Looking forward to another salad for lunch? Yeah, we didn’t think so. Just because you’re dieting doesn’t mean meals have to be boring and bland! Try this Asian-inspired medley of crunchy, colorful veggies, protein-packed turkey and zippy ginger-sesame dressing for a flavorful change of pace. A big bowlful is less than 350 calories, with 20 grams of protein to fuel you through the afternoon.
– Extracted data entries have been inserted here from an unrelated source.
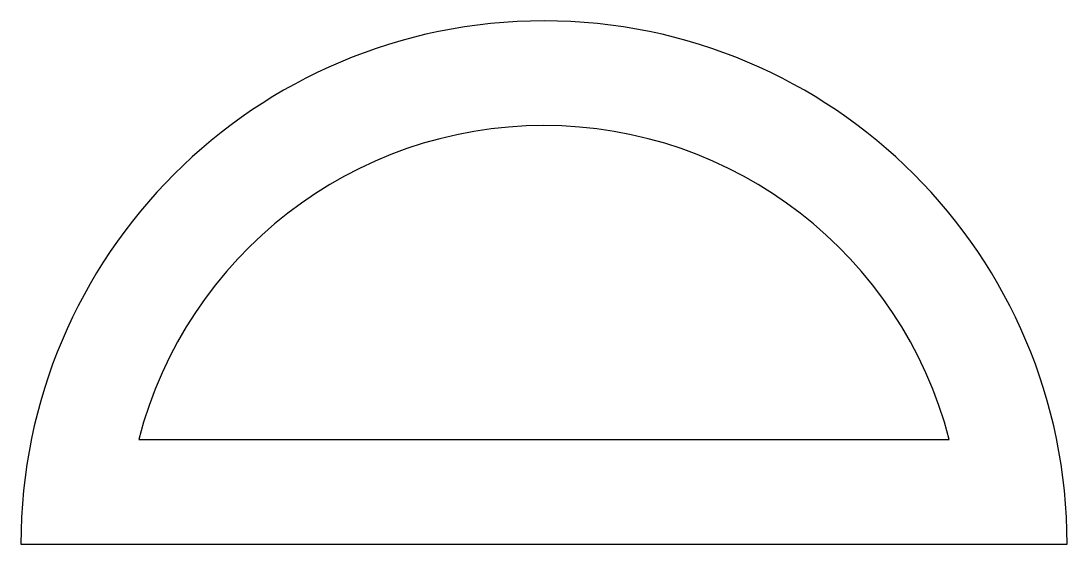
# Model space of a CAD drawing. Extents: x -0.125 to 0.125, y 0 to 0.125.
import ezdxf

# ---------------------------------------------------------------- set-up
doc = ezdxf.new("R2010")
doc.units = 0
doc.layers.add('SN', color=7, linetype='CONTINUOUS')

msp = doc.modelspace()

# ---------------------------------------------------------------- linework, layer by layer
at = {"layer": 'SN', "color": 0}
for p, q in [((-0.09682458365518543, 0.025), (0.09682458365518543, 0.025)), ((-0.125, 0), (0.125, 0))]:
    msp.add_line(p, q, dxfattribs=at)
for radius, start, end in [(0.125, 0, 180), (0.1, 14.47751218592992, 165.5224878140701)]:
    msp.add_arc((0, 0), radius, start, end, dxfattribs=at)

doc.saveas('drawing.dxf')
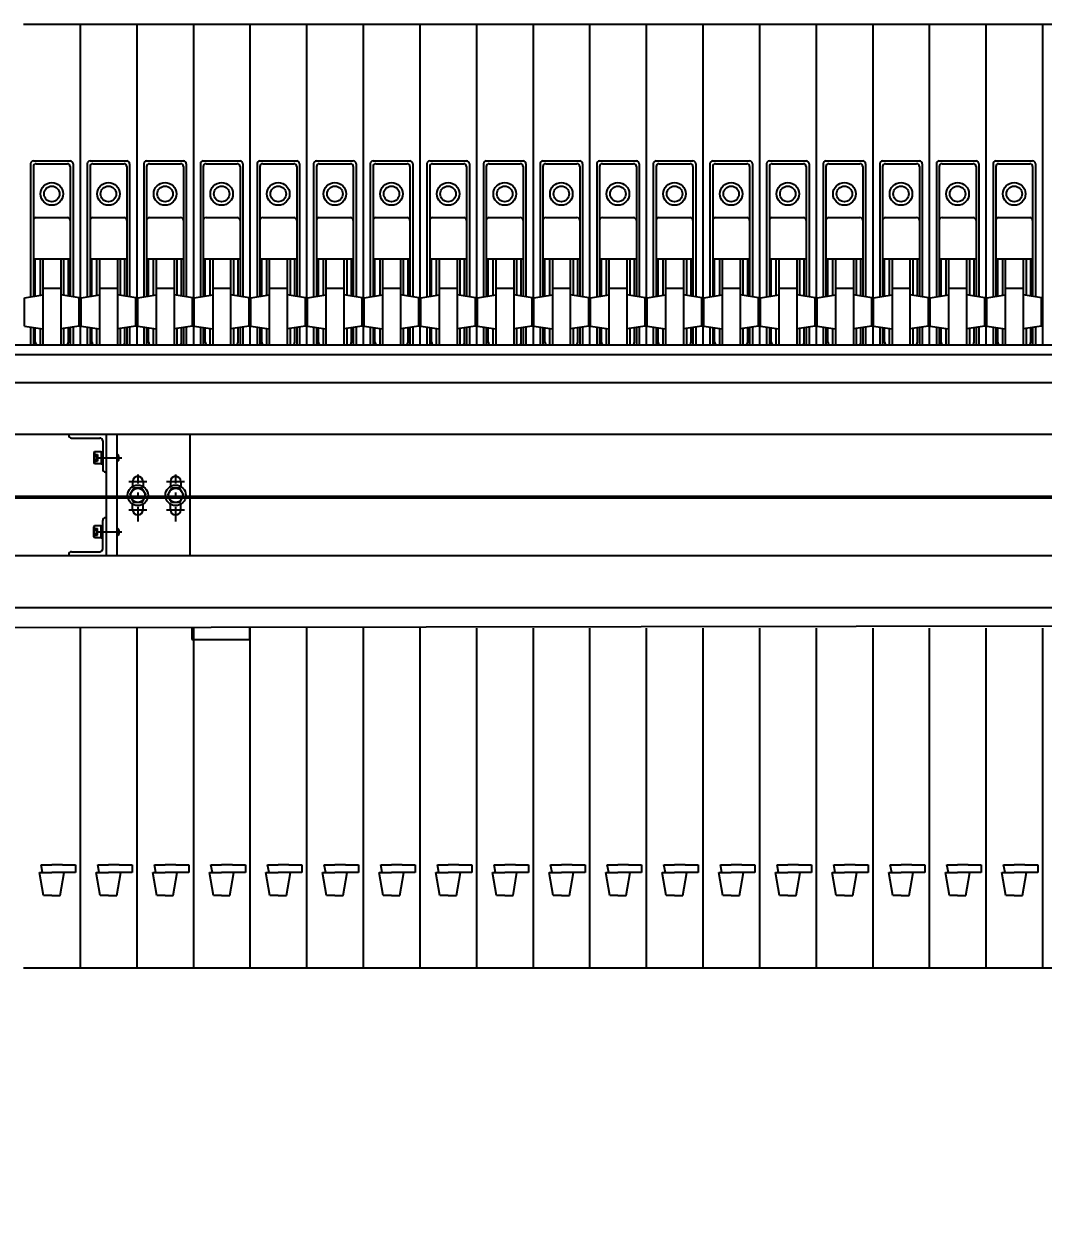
# Model space of a CAD drawing. Extents: x -2176 to 14083, y -1057 to 7853.
# Drawn here: x 542 to 1622, y 5066 to 6338 of the extents above; entities that cross this region are included whole.
import ezdxf

# ---------------------------------------------------------------- set-up
doc = ezdxf.new("R2010")
doc.units = 0
doc.header["$LTSCALE"] = 15
doc.linetypes.add('DASHED', pattern=[0.75, 0.5, -0.25])
doc.linetypes.add('GEN7A', pattern=[7.5, 5, -1.25, 0, -1.25])
doc.layers.get('0').update_dxf_attribs({"linetype": 'CONTINUOUS'})
doc.layers.get('DEFPOINTS').update_dxf_attribs({"linetype": 'CONTINUOUS'})
doc.layers.add('5', color=3, linetype='CONTINUOUS')
doc.layers.add('7A', color=4, linetype='GEN7A')
doc.styles.get("Standard").update_dxf_attribs({"font": 'txt.shx', "bigfont": 'hztxt.shx'})
doc.dimstyles.new('GEN-ISO', dxfattribs={"dimscale": 15, "dimtxt": 3.5, "dimasz": 2.5, "dimexe": 1, "dimexo": 0, "dimgap": 1.5, "dimtad": 1, "dimzin": 9, "dimdsep": 46, "dimtxsty": 'Standard', "dimcen": 0, "dimclrd": 256, "dimclre": 256, "dimclrt": 2, "dimaunit": 1, "dimadec": 0, "dimazin": 0, "dimtp": 0.1, "dimtm": 0.1, "dimtfac": 0.71, "dimtdec": 3, "dimtmove": 0, "dimatfit": 3, "dimfxl": 0, "dimtzin": 0, "dimarcsym": 0})

# ---------------------------------------------------------------- blocks, each defined once
blk = doc.blocks.new('*D9')
at = {"linetype": 'ByBlock'}
for p, q in [((7531.5, 5530.8), (7531.5, 3845.9)), ((-478.7, 4676.1), (-478.7, 3845.9)), ((7494, 3860.9), (-441.2, 3860.9))]:
    blk.add_line(p, q, dxfattribs=at)
for points in [[(-441.2, 3867.2), (-441.2, 3854.7), (-478.7, 3860.9)], [(7494, 3867.2), (7494, 3854.7), (7531.5, 3860.9)]]:
    blk.add_solid(points, dxfattribs=at)
at = {"layer": 'DEFPOINTS', "color": 0, "linetype": 'ByBlock'}
for p in [(7531.5, 5530.8), (-478.7, 4676.1), (-478.7, 3860.9)]:
    blk.add_point(p, dxfattribs=at)
at = {"color": 2, "linetype": 'ByBlock', "insert": (3525.9, 3909.7), "char_height": 52.5, "attachment_point": 5}
blk.add_mtext('8010', dxfattribs=at)
blk = doc.blocks.new('*D10')
at = {"linetype": 'ByBlock'}
for p, q in [((6489.1, 5677.6), (6489.1, 4017.7)), ((-478.7, 5652.6), (-478.7, 4017.7)), ((6451.6, 4032.7), (-441.2, 4032.7))]:
    blk.add_line(p, q, dxfattribs=at)
for points in [[(-441.2, 4038.9), (-441.2, 4026.4), (-478.7, 4032.7)], [(6451.6, 4038.9), (6451.6, 4026.4), (6489.1, 4032.7)]]:
    blk.add_solid(points, dxfattribs=at)
at = {"layer": 'DEFPOINTS', "color": 0, "linetype": 'ByBlock'}
for p in [(6489.1, 5677.6), (-478.7, 5652.6), (-478.7, 4032.7)]:
    blk.add_point(p, dxfattribs=at)
at = {"color": 2, "linetype": 'ByBlock', "insert": (3005.2, 4081.4), "char_height": 52.5, "attachment_point": 5}
blk.add_mtext('6968', dxfattribs=at)

msp = doc.modelspace()

# ---------------------------------------------------------------- linework, layer by layer
for p, q in [((541.291, 6337.621), (601.291, 6337.621)), ((601.291, 6337.621), (601.291, 5997.621)), ((601.291, 6337.621), (661.291, 6337.621)), ((661.291, 6337.621), (661.291, 5997.621)), ((661.291, 6337.621), (721.291, 6337.621)), ((721.291, 6337.621), (721.291, 5997.621)), ((721.291, 6337.621), (781.291, 6337.621)), ((781.291, 6337.621), (781.291, 5997.621)), ((781.291, 6337.621), (841.291, 6337.621)), ((841.291, 6337.621), (841.291, 5997.621)), ((841.291, 6337.621), (901.291, 6337.621)), ((901.291, 6337.621), (901.291, 5997.621)), ((901.291, 6337.621), (961.291, 6337.621)), ((961.291, 6337.621), (961.291, 5997.621)), ((961.291, 6337.621), (1021.291, 6337.621)), ((1021.291, 6337.621), (1021.291, 5997.621)), ((1021.291, 6337.621), (1081.291, 6337.621)), ((1081.291, 6337.621), (1081.291, 5997.621)), ((1081.291, 6337.621), (1141.291, 6337.621)), ((1141.291, 6337.621), (1141.291, 5997.621)), ((1141.291, 6337.621), (1201.291, 6337.621)), ((1201.291, 6337.621), (1201.291, 5997.621)), ((1201.291, 6337.621), (1261.291, 6337.621)), ((1261.291, 6337.621), (1261.291, 5997.621)), ((1261.291, 6337.621), (1321.291, 6337.621)), ((1321.291, 6337.621), (1321.291, 5997.621)), ((1321.291, 6337.621), (1381.291, 6337.621)), ((1381.291, 6337.621), (1381.291, 5997.621)), ((1381.291, 6337.621), (1441.291, 6337.621)), ((1441.291, 6337.621), (1441.291, 5997.621)), ((1441.291, 6337.621), (1501.291, 6337.621)), ((1501.291, 6337.621), (1501.291, 5997.621)), ((1501.291, 6337.621), (1561.291, 6337.621)), ((1561.291, 6337.621), (1561.291, 5997.621)), ((1561.291, 6337.621), (1621.291, 6337.621)), ((1621.291, 6337.621), (1621.291, 5997.621)), ((1621.291, 6337.621), (1681.291, 6337.621)), ((126.291, 5997.621), (4863.732, 5997.621)), ((126.291, 5987.621), (4873.318, 5987.621)), ((-123.161, 5958.036), (3103.644, 5958.036)), ((-138.269, 5903.036), (3103.644, 5903.036)), ((640.517, 5774.627), (640.517, 5903.036)), ((717.457, 5903.036), (717.457, 5774.627)), ((656.957, 5853.036), (656.957, 5847.707)), ((667.957, 5853.036), (667.957, 5847.707)), ((696.957, 5853.036), (696.957, 5847.707)), ((707.957, 5853.036), (707.957, 5847.707)), ((36.429, 5837.621), (5805.665, 5837.621)), ((36.429, 5835.762), (5805.665, 5835.762)), ((656.957, 5823.036), (656.957, 5829.037)), ((667.957, 5823.036), (667.957, 5829.037)), ((696.957, 5823.036), (696.957, 5829.037)), ((707.957, 5823.036), (707.957, 5829.037)), ((-86.637, 5774.627), (3103.644, 5774.627)), ((-104.888, 5719.627), (3103.644, 5719.627)), ((2837.878, 5701.423), (121.291, 5697.621)), ((601.291, 5697.621), (601.291, 5337.621)), ((661.291, 5697.621), (661.291, 5337.621)), ((719.815, 5697.621), (719.815, 5685.653)), ((721.291, 5697.621), (721.291, 5337.621)), ((781.106, 5685.653), (781.106, 5697.621)), ((781.291, 5697.621), (781.291, 5337.621)), ((841.291, 5697.621), (841.291, 5337.621)), ((901.291, 5697.621), (901.291, 5337.621)), ((961.291, 5697.621), (961.291, 5337.621)), ((1081.291, 5697.621), (1081.291, 5337.621)), ((1081.291, 5697.621), (1081.291, 5337.621)), ((1141.291, 5697.621), (1141.291, 5337.621)), ((1141.291, 5697.621), (1141.291, 5337.621)), ((1201.291, 5697.621), (1201.291, 5337.621)), ((1201.291, 5697.621), (1201.291, 5337.621)), ((1261.291, 5697.621), (1261.291, 5337.621)), ((1261.291, 5697.621), (1261.291, 5337.621)), ((1321.291, 5697.621), (1321.291, 5337.621)), ((1321.291, 5697.621), (1321.291, 5337.621)), ((1381.291, 5697.621), (1381.291, 5337.621)), ((1381.291, 5697.621), (1381.291, 5337.621)), ((1441.291, 5697.621), (1441.291, 5337.621)), ((1441.291, 5697.621), (1441.291, 5337.621)), ((1501.291, 5697.621), (1501.291, 5337.621)), ((1501.291, 5697.621), (1501.291, 5337.621)), ((1561.291, 5697.621), (1561.291, 5337.621)), ((1561.291, 5697.621), (1561.291, 5337.621)), ((1621.291, 5697.621), (1621.291, 5337.621)), ((1621.291, 5697.621), (1621.291, 5337.621)), ((719.815, 5685.653), (781.106, 5685.653)), ((559.941, 5446.922), (571.291, 5446.922)), ((561.55, 5438.693), (559.941, 5446.922)), ((582.642, 5446.922), (571.291, 5446.922)), ((582.642, 5446.922), (596.42, 5446.922)), ((596.42, 5446.922), (596.42, 5438.693)), ((621.55, 5438.693), (619.941, 5446.922)), ((619.941, 5446.922), (631.291, 5446.922)), ((642.642, 5446.922), (631.291, 5446.922)), ((642.642, 5446.922), (656.42, 5446.922)), ((656.42, 5446.922), (656.42, 5438.693)), ((679.941, 5446.922), (691.291, 5446.922)), ((681.55, 5438.693), (679.941, 5446.922)), ((702.642, 5446.922), (691.291, 5446.922)), ((702.642, 5446.922), (716.42, 5446.922)), ((716.42, 5446.922), (716.42, 5438.693)), ((739.941, 5446.922), (751.291, 5446.922)), ((741.55, 5438.693), (739.941, 5446.922)), ((762.642, 5446.922), (751.291, 5446.922)), ((762.642, 5446.922), (776.42, 5446.922)), ((776.42, 5446.922), (776.42, 5438.693)), ((801.55, 5438.693), (799.941, 5446.922)), ((799.941, 5446.922), (811.291, 5446.922)), ((822.642, 5446.922), (811.291, 5446.922)), ((822.642, 5446.922), (836.42, 5446.922)), ((836.42, 5446.922), (836.42, 5438.693)), ((861.55, 5438.693), (859.941, 5446.922)), ((859.941, 5446.922), (871.291, 5446.922)), ((882.642, 5446.922), (871.291, 5446.922)), ((882.642, 5446.922), (896.42, 5446.922)), ((896.42, 5446.922), (896.42, 5438.693)), ((921.55, 5438.693), (919.941, 5446.922)), ((919.941, 5446.922), (931.291, 5446.922)), ((942.642, 5446.922), (931.291, 5446.922)), ((942.642, 5446.922), (956.42, 5446.922)), ((956.42, 5446.922), (956.42, 5438.693)), ((981.55, 5438.693), (979.941, 5446.922)), ((979.941, 5446.922), (991.291, 5446.922)), ((1002.642, 5446.922), (991.291, 5446.922)), ((1002.642, 5446.922), (1016.42, 5446.922)), ((1016.42, 5446.922), (1016.42, 5438.693)), ((1039.941, 5446.922), (1051.291, 5446.922)), ((1041.55, 5438.693), (1039.941, 5446.922)), ((1062.642, 5446.922), (1051.291, 5446.922)), ((1062.642, 5446.922), (1076.42, 5446.922)), ((1076.42, 5446.922), (1076.42, 5438.693)), ((1099.941, 5446.922), (1111.291, 5446.922)), ((1101.55, 5438.693), (1099.941, 5446.922)), ((1122.642, 5446.922), (1111.291, 5446.922)), ((1122.642, 5446.922), (1136.42, 5446.922)), ((1136.42, 5446.922), (1136.42, 5438.693)), ((1159.941, 5446.922), (1171.291, 5446.922)), ((1161.55, 5438.693), (1159.941, 5446.922)), ((1182.642, 5446.922), (1171.291, 5446.922)), ((1182.642, 5446.922), (1196.42, 5446.922)), ((1196.42, 5446.922), (1196.42, 5438.693)), ((1219.941, 5446.922), (1231.291, 5446.922)), ((1221.55, 5438.693), (1219.941, 5446.922)), ((1242.642, 5446.922), (1231.291, 5446.922)), ((1242.642, 5446.922), (1256.42, 5446.922)), ((1256.42, 5446.922), (1256.42, 5438.693)), ((1279.941, 5446.922), (1291.291, 5446.922)), ((1281.55, 5438.693), (1279.941, 5446.922)), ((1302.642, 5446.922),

Recipe courtesy of Hydroxycut
Ginger-Sesame Salad
Serves 1
Total calories: 346
Protein: 20 grams (80 cal)
Carbs: 35 grams (140 cal)
Fat: 14 grams (126 cal)
Ingredients
Salad
1 cup shredded lettuce
½ cup shredded cabbage
¼ cup shredded carrots
¼ cup chopped green onion
½ cup diced tomatoes
½ Tbsp. sesame seeds
½ cup crunchy chow mein noodles
Roasted turkey breast, three slices (4 oz.)
Dressing
1 tsp. sesame oil
1 tsp. olive oil
2 Tbsp. balsamic vinegar
2 Tbsp. soy sauce
1 tsp. honey
1 tsp. ginger
1 clove garlic, minced
Directions
1. In a medium-sized bowl, combine lettuce, cabbage, carrots, onion, tomatoes and turkey breast.
2. In separate bowl, whisk together all dressing ingredients.
3. Pour dressing over salad and top with sesame seeds and chow mein noodles.